REVIEW QUESTIONS

1a. What is a biome?

1b. What factors define the extent of a particular biome?

1c. Do species diversity and richness tend to increase moving from the poles to the equator? How about from high altitudes to lower altitudes?

 

2a. What factors affect reflectance, transmittance and scattering of radiation in a canopy?

2b. List some canopy properties that can be measured, either directly or indirectly, using remote sensing techniques.

2c. List some advantages of using radar remote sensing techniques as opposed to passive optical techniques.

 

3a. What are two primary ways in which plants respond to stress?

3b. What is vapor pressure deficit and how does it affect photosynthetic rates?

3c. What is leaf water potential and what information about plant stress can be inferred from its measurement?

 

4a. Describe vegetation dynamics over daily, seasonal, and long-term time periods.

 

5a. What is a spectral vegetation index and what is it used for?

5b. Which two portions of the electromagnetic spectrum are typically used to calculate spectral vegetation indices? Why?

5c. What is an advantage of the normalized difference vegetation index (NDVI) compared to the simple ratio index?

 

6a. What range of wavelengths is photosynthetically active radiation (PAR) restricted to?

6b. How is light use efficiency calculated and what does it indicate?

 

ANSWERS

1a. A biome can be defined as a broad grouping of distinctive plant formations. See Section 1.

1b. Regional or global extents of various biomes depend on climate and weather conditions including temperature and precipitation patterns, and physiographic barriers such as mountains and oceans. See Section 1.

1c. Generally, species diversity and richness increase going from the poles to the equator, and from high elevations to low elevations. See Section 1.1.

2a. Reflectance, transmittance and scattering of radiation in a canopy are affected by (1) vegetation structure and (2) optical properties (spectral reflectance and transmittance) of leaves or needles. See Section 1.2.

2b. Canopy reflectance, leaf area index, crown cover or closure, biomass, height, and architecture. See Section 2.

2c. Radar has the advantage of being able to be used day or night, and during cloudy or hazy atmospheric conditions. See Section 2.3.1. 

3a. Plants may respond to stress primarily by the amount of developed foliage and control of the stomatal openings (pores) on leaves. See Section 3.

3b. Vapor pressure deficit (VPD) is the difference in vapor pressure inside and outside a leaf, and essentially is an index of the drying capacity of the air, which varies with temperature and humidity conditions. When the VPD becomes too large, the plant's stomata close and photosynthesis is slowed or stopped. See Section 3.2.

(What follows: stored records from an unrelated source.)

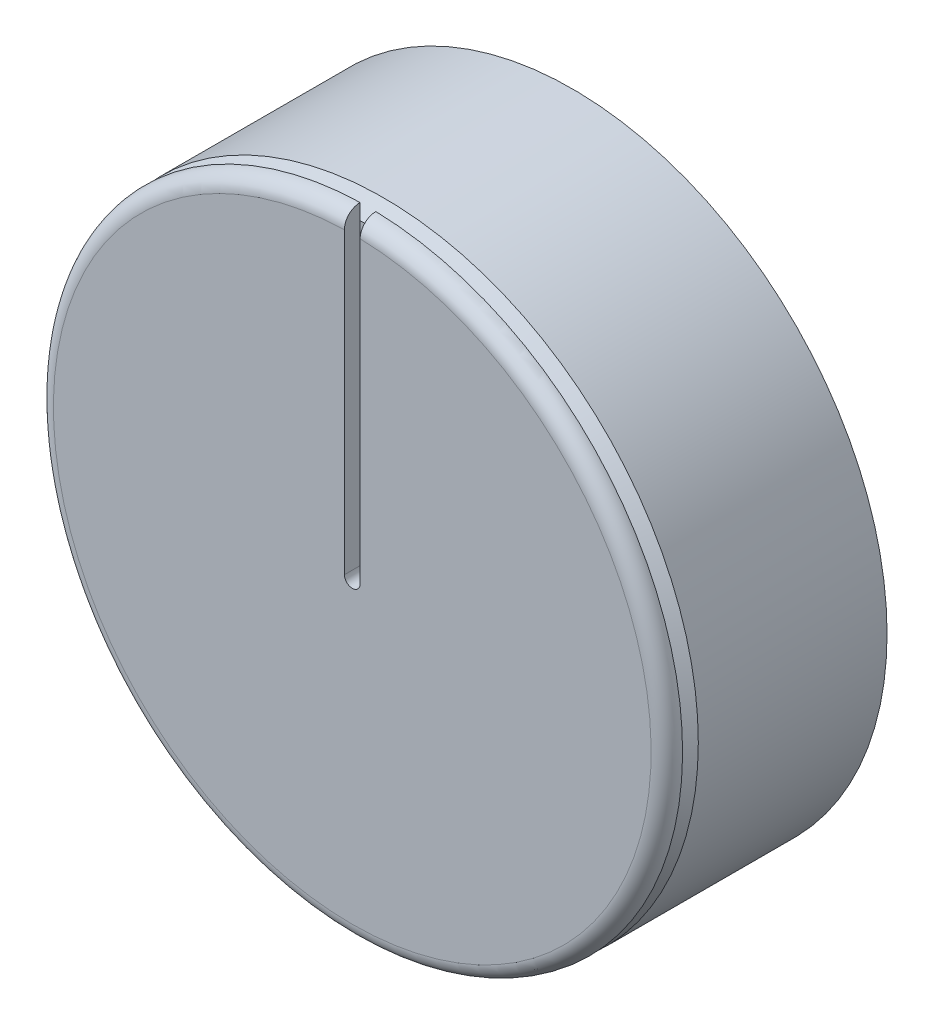
ISO-10303-21;
HEADER;
FILE_DESCRIPTION(('STEP AP214'),'2;1');
FILE_NAME('part.step','',(''),(''),'','','');
FILE_SCHEMA(('AUTOMOTIVE_DESIGN { 1 0 10303 214 1 1 1 1 }'));
ENDSEC;
DATA;
#1=APPLICATION_CONTEXT('core data for automotive mechanical design processes');
#2=APPLICATION_PROTOCOL_DEFINITION('international standard','automotive_design',2000,#1);
#3=PRODUCT_CONTEXT('',#1,'mechanical');
#4=PRODUCT('Part','Part','',(#3));
#5=PRODUCT_RELATED_PRODUCT_CATEGORY('part','',(#4));
#6=PRODUCT_DEFINITION_FORMATION('','',#4);
#7=PRODUCT_DEFINITION_CONTEXT('part definition',#1,'design');
#8=PRODUCT_DEFINITION('design','',#6,#7);
#9=PRODUCT_DEFINITION_SHAPE('','',#8);
#10=(LENGTH_UNIT() NAMED_UNIT(*) SI_UNIT(.MILLI.,.METRE.));
#11=(NAMED_UNIT(*) PLANE_ANGLE_UNIT() SI_UNIT($,.RADIAN.));
#12=(NAMED_UNIT(*) SI_UNIT($,.STERADIAN.) SOLID_ANGLE_UNIT());
#13=UNCERTAINTY_MEASURE_WITH_UNIT(LENGTH_MEASURE(1.E-05),#10,'distance_accuracy_value','');
#14=(GEOMETRIC_REPRESENTATION_CONTEXT(3) GLOBAL_UNCERTAINTY_ASSIGNED_CONTEXT((#13)) GLOBAL_UNIT_ASSIGNED_CONTEXT((#10,
#11,#12)) REPRESENTATION_CONTEXT('',''));
#15=CARTESIAN_POINT('',(0.,0.,0.));
#16=DIRECTION('',(0.,0.,1.));
#17=DIRECTION('',(1.,0.,0.));
#18=AXIS2_PLACEMENT_3D('',#15,#16,#17);
#19=CARTESIAN_POINT('',(51.1819708147866,-61.9743537667184,15.));
#20=DIRECTION('',(0.,0.,-1.));
#21=DIRECTION('',(-1.,0.,0.));
#22=AXIS2_PLACEMENT_3D('',#19,#20,#21);
#23=CYLINDRICAL_SURFACE('',#22,20.);
#24=CARTESIAN_POINT('',(51.1819708147866,-61.9743537667184,1.));
#25=DIRECTION('',(0.,0.,1.));
#26=DIRECTION('',(1.,0.,0.));
#27=AXIS2_PLACEMENT_3D('',#24,#25,#26);
#28=CIRCLE('',#27,20.);
#29=CARTESIAN_POINT('',(71.1819708147866,-61.9743537667184,1.));
#30=VERTEX_POINT('',#29);
#31=EDGE_CURVE('E132',#30,#30,#28,.T.);
#32=ORIENTED_EDGE('',*,*,#31,.T.);
#33=EDGE_LOOP('',(#32));
#34=FACE_BOUND('',#33,.T.);
#35=CARTESIAN_POINT('',(51.1819708147866,-61.9743537667184,13.));
#36=DIRECTION('',(0.,0.,1.));
#37=DIRECTION('',(1.,0.,0.));
#38=AXIS2_PLACEMENT_3D('',#35,#36,#37);
#39=CIRCLE('',#38,20.);
#40=CARTESIAN_POINT('',(71.1819708147866,-61.9743537667184,13.));
#41=VERTEX_POINT('',#40);
#42=EDGE_CURVE('E113',#41,#41,#39,.T.);
#43=ORIENTED_EDGE('',*,*,#42,.F.);
#44=EDGE_LOOP('',(#43));
#45=FACE_BOUND('',#44,.T.);
#46=ADVANCED_FACE('F43',(#34,#45),#23,.T.);
#47=CARTESIAN_POINT('',(51.1819708147866,-61.9743537667184,1.));
#48=DIRECTION('',(0.,0.,1.));
#49=DIRECTION('',(1.,0.,0.));
#50=AXIS2_PLACEMENT_3D('',#47,#48,#49);
#51=PLANE('',#50);
#52=CARTESIAN_POINT('',(51.1819708147866,-61.9743537667185,1.));
#53=DIRECTION('',(0.,0.,-1.));
#54=DIRECTION('',(-1.,0.,0.));
#55=AXIS2_PLACEMENT_3D('',#52,#53,#54);
#56=CIRCLE('',#55,10.);
#57=CARTESIAN_POINT('',(41.1819708147866,-61.9743537667185,1.));
#58=VERTEX_POINT('',#57);
#59=EDGE_CURVE('E268',#58,#58,#56,.T.);
#60=ORIENTED_EDGE('',*,*,#59,.F.);
#61=EDGE_LOOP('',(#60));
#62=FACE_BOUND('',#61,.T.);
#63=ORIENTED_EDGE('',*,*,#31,.F.);
#64=EDGE_LOOP('',(#63));
#65=FACE_BOUND('',#64,.T.);
#66=ADVANCED_FACE('F166',(#62,#65),#51,.F.);
#67=CARTESIAN_POINT('',(51.1819708147866,-61.9743537667184,14.));
#68=DIRECTION('',(0.,0.,1.));
#69=DIRECTION('',(1.,0.,0.));
#70=AXIS2_PLACEMENT_3D('',#67,#68,#69);
#71=PLANE('',#70);
#72=CARTESIAN_POINT('',(51.1819708147866,-61.9743537667184,14.));
#73=DIRECTION('',(0.,0.,1.));
#74=DIRECTION('',(1.,0.,0.));
#75=AXIS2_PLACEMENT_3D('',#72,#73,#74);
#76=CIRCLE('',#75,19.);
#77=CARTESIAN_POINT('',(50.6819708147866,-42.9809338534959,14.));
#78=VERTEX_POINT('',#77);
#79=CARTESIAN_POINT('',(51.6819708147866,-42.9809338534959,14.));
#80=VERTEX_POINT('',#79);
#81=EDGE_CURVE('E59',#78,#80,#76,.T.);
#82=ORIENTED_EDGE('',*,*,#81,.T.);
#83=DIRECTION('',(0.,1.,0.));
#84=VECTOR('',#83,1.);
#85=CARTESIAN_POINT('',(51.6819708147866,-61.9743537667184,14.));
#86=LINE('',#85,#84);
#87=CARTESIAN_POINT('',(51.6819708147866,-41.9806047435863,14.));
#88=VERTEX_POINT('',#87);
#89=EDGE_CURVE('E91',#80,#88,#86,.T.);
#90=ORIENTED_EDGE('',*,*,#89,.T.);
#91=CARTESIAN_POINT('',(51.1819708147866,-61.9743537667184,14.));
#92=DIRECTION('',(0.,0.,1.));
#93=DIRECTION('',(1.,0.,0.));
#94=AXIS2_PLACEMENT_3D('',#91,#92,#93);
#95=CIRCLE('',#94,20.);
#96=CARTESIAN_POINT('',(50.6819708147866,-41.9806047435863,14.));
#97=VERTEX_POINT('',#96);
#98=EDGE_CURVE('E139',#88,#97,#95,.F.);
#99=ORIENTED_EDGE('',*,*,#98,.T.);
#100=DIRECTION('',(0.,-1.,0.));
#101=VECTOR('',#100,1.);
#102=CARTESIAN_POINT('',(50.6819708147866,-61.9743537667184,14.));
#103=LINE('',#102,#101);
#104=EDGE_CURVE('E93',#97,#78,#103,.T.);
#105=ORIENTED_EDGE('',*,*,#104,.T.);
#106=EDGE_LOOP('',(#82,#90,#99,#105));
#107=FACE_BOUND('',#106,.T.);
#108=ADVANCED_FACE('F90',(#107),#71,.F.);
#109=CARTESIAN_POINT('',(51.1819708147866,-61.9743537667184,15.));
#110=DIRECTION('',(0.,0.,1.));
#111=DIRECTION('',(1.,0.,0.));
#112=AXIS2_PLACEMENT_3D('',#109,#110,#111);
#113=PLANE('',#112);
#114=DIRECTION('',(0.,-1.,0.));
#115=VECTOR('',#114,1.);
#116=CARTESIAN_POINT('',(50.6819708147866,-61.9743537667184,15.));
#117=LINE('',#116,#115);
#118=CARTESIAN_POINT('',(50.6819708147866,-42.9809338534959,15.));
#119=VERTEX_POINT('',#118);
#120=CARTESIAN_POINT('',(50.6819708147866,-61.9743537667184,15.));
#121=VERTEX_POINT('',#120);
#122=EDGE_CURVE('E120',#119,#121,#117,.T.);
#123=ORIENTED_EDGE('',*,*,#122,.F.);
#124=CARTESIAN_POINT('',(51.1819708147866,-61.9743537667184,15.));
#125=DIRECTION('',(0.,0.,1.));
#126=DIRECTION('',(1.,0.,0.));
#127=AXIS2_PLACEMENT_3D('',#124,#125,#126);
#128=CIRCLE('',#127,19.);
#129=CARTESIAN_POINT('',(51.6819708147866,-42.9809338534959,15.));
#130=VERTEX_POINT('',#129);
#131=EDGE_CURVE('E136',#119,#130,#128,.T.);
#132=ORIENTED_EDGE('',*,*,#131,.T.);
#133=DIRECTION('',(0.,1.,0.));
#134=VECTOR('',#133,1.);
#135=CARTESIAN_POINT('',(51.6819708147866,-61.9743537667184,15.));
#136=LINE('',#135,#134);
#137=CARTESIAN_POINT('',(51.6819708147866,-61.9743537667184,15.));
#138=VERTEX_POINT('',#137);
#139=EDGE_CURVE('E126',#138,#130,#136,.T.);
#140=ORIENTED_EDGE('',*,*,#139,.F.);
#141=CARTESIAN_POINT('',(51.1819708147866,-61.9743537667184,15.));
#142=DIRECTION('',(0.,0.,1.));
#143=DIRECTION('',(1.,0.,0.));
#144=AXIS2_PLACEMENT_3D('',#141,#142,#143);
#145=CIRCLE('',#144,0.5);
#146=EDGE_CURVE('E115',#121,#138,#145,.T.);
#147=ORIENTED_EDGE('',*,*,#146,.F.);
#148=EDGE_LOOP('',(#123,#132,#140,#147));
#149=FACE_BOUND('',#148,.T.);
#150=ADVANCED_FACE('F161',(#149),#113,.T.);
#151=CARTESIAN_POINT('',(51.1819708147866,-61.9743537667184,14.));
#152=DIRECTION('',(0.,0.,1.));
#153=DIRECTION('',(1.,0.,0.));
#154=AXIS2_PLACEMENT_3D('',#151,#152,#153);
#155=CYLINDRICAL_SURFACE('',#154,0.5);
#156=ORIENTED_EDGE('',*,*,#146,.T.);
#157=DIRECTION('',(0.,0.,1.));
#158=VECTOR('',#157,1.);
#159=CARTESIAN_POINT('',(51.6819708147866,-61.9743537667184,14.));
#160=LINE('',#159,#158);
#161=CARTESIAN_POINT('',(51.6819708147866,-61.9743537667184,14.));
#162=VERTEX_POINT('',#161);
#163=EDGE_CURVE('E123',#162,#138,#160,.T.);
#164=ORIENTED_EDGE('',*,*,#163,.F.);
#165=CARTESIAN_POINT('',(51.1819708147866,-61.9743537667184,14.));
#166=DIRECTION('',(0.,0.,1.));
#167=DIRECTION('',(1.,0.,0.));
#168=AXIS2_PLACEMENT_3D('',#165,#166,#167);
#169=CIRCLE('',#168,0.5);
#170=CARTESIAN_POINT('',(50.6819708147866,-61.9743537667184,14.));
#171=VERTEX_POINT('',#170);
#172=EDGE_CURVE('E106',#171,#162,#169,.T.);
#173=ORIENTED_EDGE('',*,*,#172,.F.);
#174=DIRECTION('',(0.,0.,1.));
#175=VECTOR('',#174,1.);
#176=CARTESIAN_POINT('',(50.6819708147866,-61.9743537667184,14.));
#177=LINE('',#176,#175);
#178=EDGE_CURVE('E129',#171,#121,#177,.T.);
#179=ORIENTED_EDGE('',*,*,#178,.T.);
#180=EDGE_LOOP('',(#156,#164,#173,#179));
#181=FACE_BOUND('',#180,.T.);
#182=ADVANCED_FACE('F158',(#181),#155,.F.);
#183=CARTESIAN_POINT('',(51.1819708147866,-61.9743537667184,14.));
#184=DIRECTION('',(0.,0.,1.));
#185=DIRECTION('',(1.,0.,0.));
#186=AXIS2_PLACEMENT_3D('',#183,#184,#185);
#187=PLANE('',#186);
#188=EDGE_CURVE('E102',#162,#80,#86,.T.);
#189=ORIENTED_EDGE('',*,*,#188,.T.);
#190=EDGE_CURVE('E95',#80,#78,#76,.T.);
#191=ORIENTED_EDGE('',*,*,#190,.T.);
#192=EDGE_CURVE('E112',#78,#171,#103,.T.);
#193=ORIENTED_EDGE('',*,*,#192,.T.);
#194=ORIENTED_EDGE('',*,*,#172,.T.);
#195=EDGE_LOOP('',(#189,#191,#193,#194));
#196=FACE_BOUND('',#195,.T.);
#197=ADVANCED_FACE('F109',(#196),#187,.T.);
#198=CARTESIAN_POINT('',(51.6819708147866,-61.9743537667184,14.));
#199=DIRECTION('',(1.,0.,0.));
#200=DIRECTION('',(0.,0.,-1.));
#201=AXIS2_PLACEMENT_3D('',#198,#199,#200);
#202=PLANE('',#201);
#203=CARTESIAN_POINT('',(51.6819708147866,-43.9596002074211,14.2071508210651));
#204=CARTESIAN_POINT('',(51.6819708147866,-43.9479592009519,14.2620944746177));
#205=CARTESIAN_POINT('',(51.6819708147866,-43.9316687414624,14.3160949328433));
#206=CARTESIAN_POINT('',(51.6819708147866,-43.8902374394171,14.4206384653411));
#207=CARTESIAN_POINT('',(51.6819708147866,-43.8650859433683,14.4711772899922));
#208=CARTESIAN_POINT('',(51.6819708147866,-43.8066641123887,14.5672939134344));
#209=CARTESIAN_POINT('',(51.6819708147866,-43.7733977669861,14.6128741341651));
#210=CARTESIAN_POINT('',(51.6819708147866,-43.6996955008416,14.6977914844961));
#211=CARTESIAN_POINT('',(51.6819708147866,-43.6592613592293,14.737130158739));
#212=CARTESIAN_POINT('',(51.6819708147866,-43.5723503747016,14.8084782024367));
#213=CARTESIAN_POINT('',(51.6819708147866,-43.5258714227287,14.8404850029592));
#214=CARTESIAN_POINT('',(51.6819708147866,-43.428199423932,14.8962455361539));
#215=CARTESIAN_POINT('',(51.6819708147866,-43.3770061830899,14.9199989289618));
#216=CARTESIAN_POINT('',(51.6819708147866,-43.2713421029807,14.9585847852159));
#217=CARTESIAN_POINT('',(51.6819708147866,-43.2168701823052,14.9734142873576));
#218=CARTESIAN_POINT('',(51.6819708147866,-43.1062101254406,14.9937198413222));
#219=CARTESIAN_POINT('',(51.6819708147866,-43.0500219902484,14.999195898578));
#220=CARTESIAN_POINT('',(51.6819708147866,-42.9375119270536,15.0006395202231));
#221=CARTESIAN_POINT('',(51.6819708147866,-42.8811899736021,14.9966051022294));
#222=CARTESIAN_POINT('',(51.6819708147866,-42.7700228887629,14.9791377602072));
#223=CARTESIAN_POINT('',(51.6819708147866,-42.715177755046,14.9657048510019));
#224=CARTESIAN_POINT('',(51.6819708147866,-42.6085223737429,14.9298213345222));
#225=CARTESIAN_POINT('',(51.6819708147866,-42.5567120749555,14.9073708794342));
#226=CARTESIAN_POINT('',(51.6819708147866,-42.4575970399899,14.8540885676753));
#227=CARTESIAN_POINT('',(51.6819708147866,-42.4102923043998,14.8232567099101));
#228=CARTESIAN_POINT('',(51.6819708147866,-42.3215425393769,14.7540936268535));
#229=CARTESIAN_POINT('',(51.6819708147866,-42.2800962423371,14.7157640281615));
#230=CARTESIAN_POINT('',(51.6819708147866,-42.2042294031471,14.6326886974174));
#231=CARTESIAN_POINT('',(51.6819708147866,-42.1698088467187,14.5879429784047));
#232=CARTESIAN_POINT('',(51.6819708147866,-42.1089820070054,14.4933205726669));
#233=CARTESIAN_POINT('',(51.6819708147866,-42.0825732216997,14.4434454943337));
#234=CARTESIAN_POINT('',(51.6819708147866,-42.038506489903,14.3399686849328));
#235=CARTESIAN_POINT('',(51.6819708147866,-42.0208485301763,14.2863669595017));
#236=CARTESIAN_POINT('',(51.6819708147866,-41.9947894854587,14.1769745608123));
#237=CARTESIAN_POINT('',(51.6819708147866,-41.9863858150185,14.1211845034399));
#238=CARTESIAN_POINT('',(51.6819708147866,-41.9790655473474,14.0089854423255));
#239=CARTESIAN_POINT('',(51.6819708147866,-41.9801489399258,13.9525764392483));
#240=CARTESIAN_POINT('',(51.6819708147866,-41.9917711472445,13.8407490318731));
#241=CARTESIAN_POINT('',(51.6819708147866,-42.0023086495214,13.7853304911636));
#242=CARTESIAN_POINT('',(51.6819708147866,-42.0325376044237,13.6770489560347));
#243=CARTESIAN_POINT('',(51.6819708147866,-42.0522290571459,13.6241859616422));
#244=CARTESIAN_POINT('',(51.6819708147866,-42.1002074191794,13.522512836838));
#245=CARTESIAN_POINT('',(51.6819708147866,-42.1284947831441,13.4737029209749));
#246=CARTESIAN_POINT('',(51.6819708147866,-42.1928607537036,13.3815235291038));
#247=CARTESIAN_POINT('',(51.6819708147866,-42.2289393669323,13.3381540577283));
#248=CARTESIAN_POINT('',(51.6819708147866,-42.3078720698183,13.258075957457));
#249=CARTESIAN_POINT('',(51.6819708147866,-42.3507276824812,13.2213688297921));
#250=CARTESIAN_POINT('',(51.6819708147866,-42.4419916135297,13.1556677203741));
#251=CARTESIAN_POINT('',(51.6819708147866,-42.4903999433291,13.126673754476));
#252=CARTESIAN_POINT('',(51.6819708147866,-42.5914113630691,13.0772123982266));
#253=CARTESIAN_POINT('',(51.6819708147866,-42.6440157631665,13.0567476835132));
#254=CARTESIAN_POINT('',(51.6819708147866,-42.7519130324508,13.0249375091378));
#255=CARTESIAN_POINT('',(51.6819708147866,-42.8072059033205,13.0135920551839));
#256=CARTESIAN_POINT('',(51.6819708147866,-42.9189269221776,13.0003396396648));
#257=CARTESIAN_POINT('',(51.6819708147866,-42.975355379407,12.9984352849922));
#258=CARTESIAN_POINT('',(51.6819708147866,-43.0877313905997,13.0041259010995));
#259=CARTESIAN_POINT('',(51.6819708147866,-43.1436789432154,13.0117208984895));
#260=CARTESIAN_POINT('',(51.6819708147866,-43.2535115790555,13.0361964178962));
#261=CARTESIAN_POINT('',(51.6819708147866,-43.3073964221703,13.0530780174251));
#262=CARTESIAN_POINT('',(51.6819708147866,-43.4115668011029,13.0956490707011));
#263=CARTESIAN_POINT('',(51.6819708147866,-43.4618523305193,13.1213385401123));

3c. Leaf water potential is a measure of how tightly or strongly a leaf holds its moisture. A high leaf water potential value indicates that a plant may be experiencing water stress.

4a. On a daily basis, leaf orientation changes in response to the sun's movement and water stress. Over seasonal time durations, variations such as growth, greening up, flowering, senescence and shedding of leaves occur. Long-term dynamics include changes in the spatial distributions of plant species, usually due to changes in environmental conditions (natural and human induced). See Section 4.

5a. A spectral vegetation index (SVI) is generated by combining data from multiple spectral bands into a single value. SVIs are designed to enhance the vegetation signal while minimizing the response of various background materials, providing an approximate measure of live, green vegetation amount. See Section 5.

5b. Spectral vegetation indices are usually calculated using an infrared wavelength and a red (or combined visible) wavelength. Green leaves have a distinct spectral reflectance pattern in the red or visible and near-infrared wavelengths which can be exploited to distinguish the spectra of green vegetation from those of soil and other natural and manmade materials. See Section 5.

5c. The calculation of the normalized difference vegetation index (NDVI) reduces the effects of variable irradiance (illumination) levels. See Section 5.2.

6a. Photosynthetically active radiation (PAR) is restricted to the portion of sunlight's spectrum ranging from 0.4 to 0.7 micrometers (µm) which is comparable to the range of light the human eye can see. See Section 6.1.

6b. Light use efficiency (LUE) is the ratio of net primary production (NPP) to absorbed photosynthetically active radiation (APAR). LUE indicates how efficiently a plant produces biomass (NPP) for a given amount of absorbed PAR. See Section 6.2.